### ACTIVITY
What the response needs is every record, repeated verbatim, and no images.
**** TASK MATERIAL ****
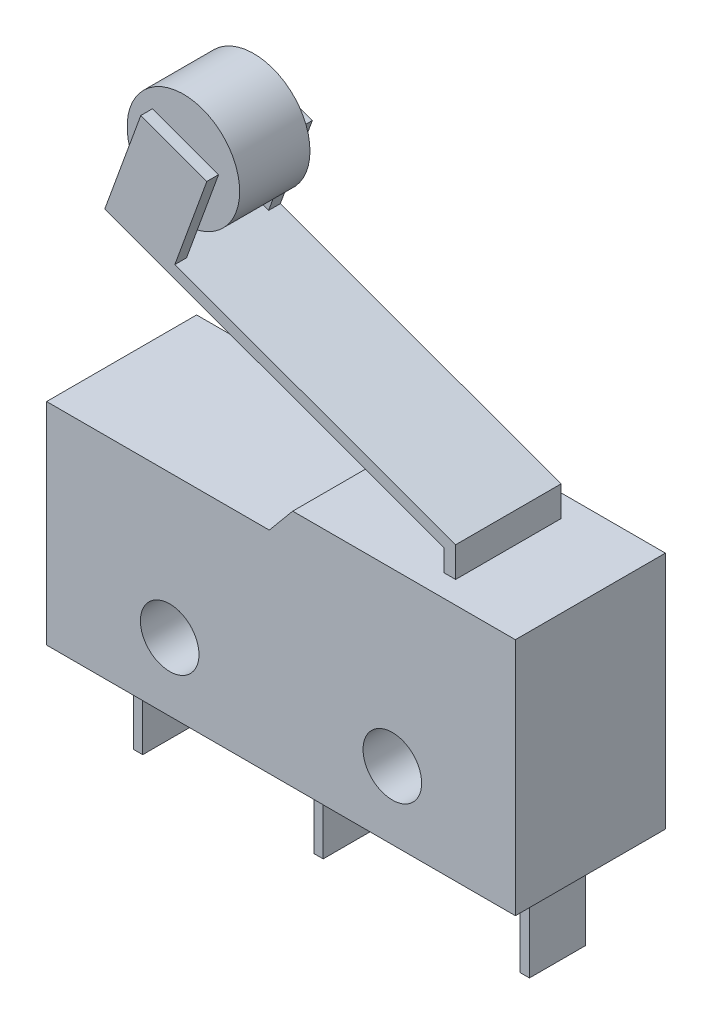
SolidWorks part; units mm, degrees
ref_plane "Alzado" through (0, 0, 0) normal (0, 0, 1) x (1, 0, 0)
ref_plane "Planta" through (0, 0, 0) normal (0, 1, 0) x (1, 0, 0)
ref_plane "Vista lateral" through (0, 0, 0) normal (1, 0, 0) x (0, 0, -1)
sketch "Croquis1" plane through (0, 0, 0) normal (0, 0, 1) x (1, 0, 0)
  line L0 (0, 9) -> (9.5, 9)
  line L1 (0, 0) -> (20, 0)
  line L2 (0, 0) -> (0, 9)
  line L3 (10.5, 10.2) -> (20, 10.2)
  line L4 (20, 0) -> (20, 10.2)
  line L5 (9.5, 9) -> (10.5, 10.2)
  circle A0 centre (5.25, 2.9) radius 1.25
  circle A1 centre (14.75, 2.9) radius 1.25
  dimension "D9" = 2.5
  dimension "D1" = 20
  dimension "D2" = 10.2
  dimension "D3" = 9
  dimension "D4" = 9.5
  dimension "D5" = 9.5
  dimension "D6" = 2.9
  dimension "D7" = 5.25
  dimension "D8" = 5.25
extrude "Saliente-Extruir1" add sketch "Croquis1" along normal mid plane 6.4
sketch "Croquis2" plane through (0, 0, 0) normal (0, -1, 0) x (1, 0, 0)
  line L0 (20, 3.2) -> (20, -3.2) construction
  line L1 (1.7, 1.2) -> (2.1, 1.2)
  line L2 (1.7, 1.2) -> (1.7, -1.2)
  line L3 (1.7, -1.2) -> (2.1, -1.2)
  line L4 (2.1, 1.2) -> (2.1, -1.2)
  line L5 (9.4, 1.2) -> (9.8, 1.2)
  line L6 (9.4, 1.2) -> (9.4, -1.2)
  line L7 (9.4, -1.2) -> (9.8, -1.2)
  line L8 (9.8, 1.2) -> (9.8, -1.2)
  line L9 (18.2, 1.2) -> (18.6, 1.2)
  line L10 (18.2, 1.2) -> (18.2, -1.2)
  line L11 (18.2, -1.2) -> (18.6, -1.2)
  line L12 (18.6, 1.2) -> (18.6, -1.2)
  line L13 (0, 3.2) -> (20, 3.2) construction
  line L14 (0, -3.2) -> (20, -3.2) construction
  dimension "D1" = 1.4
  dimension "D2" = 0.4
  dimension "D3" = 2
  dimension "D4" = 2
  dimension "D5" = 8.4
  dimension "D6" = 7.3
extrude "Saliente-Extruir2" add sketch "Croquis2" along normal blind 4
sketch "Croquis3" plane through (0, 0, 0) normal (0, 0, 1) x (1, 0, 0)
  line L0 (16, 10.2) -> (16, 11.1331)
  line L1 (20, 10.2) -> (10.5, 10.2) construction
  line L2 (20, 0) -> (20, 10.2) construction
  line L5 (16.5, 11.4832) -> (16.5, 10.2)
  line L6 (16.5, 10.2) -> (16, 10.2)
  line L7 (1.5294, 16.4) -> (16, 11.1331)
  line L8 (16.5, 11.4832) -> (1.7004, 16.8698)
  line L9 (1.7004, 16.8698) -> (1.5294, 16.4)
  circle A1 centre (5.25, 2.9) radius 1.25 construction
  dimension "D1" = 0.5
  dimension "D2" = 0.5
  dimension "D3" = 3.5
  dimension "D4" = 15.7494
  dimension "D5" = 20
  dimension "D6" = 13.5
extrude "Saliente-Extruir3" add sketch "Croquis3" along normal mid plane 4.5
sketch "Croquis4" plane through (5.6208, 15.443, 0) normal (0.342, 0.9397, 0) x (0.9397, -0.342, 0)
  line L1 (-4.1719, 2.25) -> (-1.1719, 2.25)
  line L2 (-4.1719, 2.25) -> (-4.1719, 1.75)
  line L3 (-4.1719, 1.75) -> (-1.1719, 1.75)
  line L4 (-1.1719, 2.25) -> (-1.1719, 1.75)
  line L5 (-4.1719, -2.25) -> (-1.1719, -2.25)
  line L6 (-4.1719, -2.25) -> (-4.1719, -1.75)
  line L7 (-4.1719, -1.75) -> (-1.1719, -1.75)
  line L8 (-1.1719, -2.25) -> (-1.1719, -1.75)
  dimension "D1" = 0.5
  dimension "D2" = 3
extrude "Saliente-Extruir4" add sketch "Croquis4" along normal blind 4
sketch "Croquis5" plane through (0, 0, 0) normal (0, 0, 1) x (1, 0, 0)
  line L0 (4.4781, 20.1156) -> (2.939, 15.887) construction
  line L1 (3.0685, 20.6286) -> (5.8876, 19.6026) construction
  line L2 (1.5294, 16.4) -> (16, 11.1331) construction
  circle A0 centre (4.136, 19.1759) radius 2.4
  dimension "D1" = 4.8
  dimension "D2" = 1
extrude "Saliente-Extruir5" add sketch "Croquis5" along normal mid plane 3
sketch "Croquis6" plane through (0, 0, 0) normal (0, 0, 1) x (1, 0, 0)
  line L7 (2.991, 12.8864) -> (2.9608, 11.7603) construction
  line L8 (-0.0079, 12.9667) -> (-0.0515, 11.3408) construction
  line L10 (-0.0515, 11.3408) -> (15.3423, 10.9285) construction
  line L11 (15.7056, 11.419) -> (2.9608, 11.7603) construction
  arc A0 (4.7087, 23.1094) -> (-1.954, 9.0077) centre (16.3005, 9.0077) ccw construction
  arc A1 (5.8117, 21.7676) -> (-0.2171, 9.0077) centre (16.3005, 9.0077) ccw construction
  arc A2 (5.6437, 21.9719) -> (-0.4816, 9.0077) centre (16.3005, 9.0077) ccw construction
  arc A3 (2.991, 12.8864) -> (-0.0079, 12.9667) centre (1.5417, 14.7994) ccw construction
  arc A4 (7.4972, 19.717) -> (2.4374, 9.0077) centre (16.3005, 9.0077) ccw construction
  arc A5 (7.6512, 19.5297) -> (2.6798, 9.0077) centre (16.3005, 9.0077) ccw construction
  circle A6 centre (16.3005, 9.0077) radius 2.1466 construction
  circle A7 centre (16.3005, 9.0077) radius 2.4835 construction
  dimension "D1" = 3.5
  dimension "D2" = 1.6265
  dimension "D3" = 1.1265
  dimension "D4" = 15.3993
  dimension "D5" = 12.7494
****
### RESPONSE FOR THIS EXERCISE
SolidWorks part; units mm, degrees
ref_plane "Alzado" through (0, 0, 0) normal (0, 0, 1) x (1, 0, 0)
ref_plane "Planta" through (0, 0, 0) normal (0, 1, 0) x (1, 0, 0)
ref_plane "Vista lateral" through (0, 0, 0) normal (1, 0, 0) x (0, 0, -1)
sketch "Croquis1" plane through (0, 0, 0) normal (0, 0, 1) x (1, 0, 0)
  line L0 (0, 9) -> (9.5, 9)
  line L1 (0, 0) -> (20, 0)
  line L2 (0, 0) -> (0, 9)
  line L3 (10.5, 10.2) -> (20, 10.2)
  line L4 (20, 0) -> (20, 10.2)
  line L5 (9.5, 9) -> (10.5, 10.2)
  circle A0 centre (5.25, 2.9) radius 1.25
  circle A1 centre (14.75, 2.9) radius 1.25
  dimension "D9" = 2.5
  dimension "D1" = 20
  dimension "D2" = 10.2
  dimension "D3" = 9
  dimension "D4" = 9.5
  dimension "D5" = 9.5
  dimension "D6" = 2.9
  dimension "D7" = 5.25
  dimension "D8" = 5.25
extrude "Saliente-Extruir1" add sketch "Croquis1" along normal mid plane 6.4
sketch "Croquis2" plane through (0, 0, 0) normal (0, -1, 0) x (1, 0, 0)
  line L0 (20, 3.2) -> (20, -3.2) construction
  line L1 (1.7, 1.2) -> (2.1, 1.2)
  line L2 (1.7, 1.2) -> (1.7, -1.2)
  line L3 (1.7, -1.2) -> (2.1, -1.2)
  line L4 (2.1, 1.2) -> (2.1, -1.2)
  line L5 (9.4, 1.2) -> (9.8, 1.2)
  line L6 (9.4, 1.2) -> (9.4, -1.2)
  line L7 (9.4, -1.2) -> (9.8, -1.2)
  line L8 (9.8, 1.2) -> (9.8, -1.2)
  line L9 (18.2, 1.2) -> (18.6, 1.2)
  line L10 (18.2, 1.2) -> (18.2, -1.2)
  line L11 (18.2, -1.2) -> (18.6, -1.2)
  line L12 (18.6, 1.2) -> (18.6, -1.2)
  line L13 (0, 3.2) -> (20, 3.2) construction
  line L14 (0, -3.2) -> (20, -3.2) construction
  dimension "D1" = 1.4
  dimension "D2" = 0.4
  dimension "D3" = 2
  dimension "D4" = 2
  dimension "D5" = 8.4
  dimension "D6" = 7.3
extrude "Saliente-Extruir2" add sketch "Croquis2" along normal blind 4
sketch "Croquis3" plane through (0, 0, 0) normal (0, 0, 1) x (1, 0, 0)
  line L0 (16, 10.2) -> (16, 11.1331)
  line L1 (20, 10.2) -> (10.5, 10.2) construction
  line L2 (20, 0) -> (20, 10.2) construction
  line L5 (16.5, 11.4832) -> (16.5, 10.2)
  line L6 (16.5, 10.2) -> (16, 10.2)
  line L7 (1.5294, 16.4) -> (16, 11.1331)
  line L8 (16.5, 11.4832) -> (1.7004, 16.8698)
  line L9 (1.7004, 16.8698) -> (1.5294, 16.4)
  circle A1 centre (5.25, 2.9) radius 1.25 construction
  dimension "D1" = 0.5
  dimension "D2" = 0.5
  dimension "D3" = 3.5
  dimension "D4" = 15.7494
  dimension "D5" = 20
  dimension "D6" = 13.5
extrude "Saliente-Extruir3" add sketch "Croquis3" along normal mid plane 4.5
sketch "Croquis4" plane through (5.6208, 15.443, 0) normal (0.342, 0.9397, 0) x (0.9397, -0.342, 0)
  line L1 (-4.1719, 2.25) -> (-1.1719, 2.25)
  line L2 (-4.1719, 2.25) -> (-4.1719, 1.75)
  line L3 (-4.1719, 1.75) -> (-1.1719, 1.75)
  line L4 (-1.1719, 2.25) -> (-1.1719, 1.75)
  line L5 (-4.1719, -2.25) -> (-1.1719, -2.25)
  line L6 (-4.1719, -2.25) -> (-4.1719, -1.75)
  line L7 (-4.1719, -1.75) -> (-1.1719, -1.75)
  line L8 (-1.1719, -2.25) -> (-1.1719, -1.75)
  dimension "D1" = 0.5
  dimension "D2" = 3
extrude "Saliente-Extruir4" add sketch "Croquis4" along normal blind 4
sketch "Croquis5" plane through (0, 0, 0) normal (0, 0, 1) x (1, 0, 0)
  line L0 (4.4781, 20.1156) -> (2.939, 15.887) construction
  line L1 (3.0685, 20.6286) -> (5.8876, 19.6026) construction
  line L2 (1.5294, 16.4) -> (16, 11.1331) construction
  circle A0 centre (4.136, 19.1759) radius 2.4
  dimension "D1" = 4.8
  dimension "D2" = 1
extrude "Saliente-Extruir5" add sketch "Croquis5" along normal mid plane 3
sketch "Croquis6" plane through (0, 0, 0) normal (0, 0, 1) x (1, 0, 0)
  line L7 (2.991, 12.8864) -> (2.9608, 11.7603) construction
  line L8 (-0.0079, 12.9667) -> (-0.0515, 11.3408) construction
  line L10 (-0.0515, 11.3408) -> (15.3423, 10.9285) construction
  line L11 (15.7056, 11.419) -> (2.9608, 11.7603) construction
  arc A0 (4.7087, 23.1094) -> (-1.954, 9.0077) centre (16.3005, 9.0077) ccw construction
  arc A1 (5.8117, 21.7676) -> (-0.2171, 9.0077) centre (16.3005, 9.0077) ccw construction
  arc A2 (5.6437, 21.9719) -> (-0.4816, 9.0077) centre (16.3005, 9.0077) ccw construction
  arc A3 (2.991, 12.8864) -> (-0.0079, 12.9667) centre (1.5417, 14.7994) ccw construction
  arc A4 (7.4972, 19.717) -> (2.4374, 9.0077) centre (16.3005, 9.0077) ccw construction
  arc A5 (7.6512, 19.5297) -> (2.6798, 9.0077) centre (16.3005, 9.0077) ccw construction
  circle A6 centre (16.3005, 9.0077) radius 2.1466 construction
  circle A7 centre (16.3005, 9.0077) radius 2.4835 construction
  dimension "D1" = 3.5
  dimension "D2" = 1.6265
  dimension "D3" = 1.1265
  dimension "D4" = 15.3993
  dimension "D5" = 12.7494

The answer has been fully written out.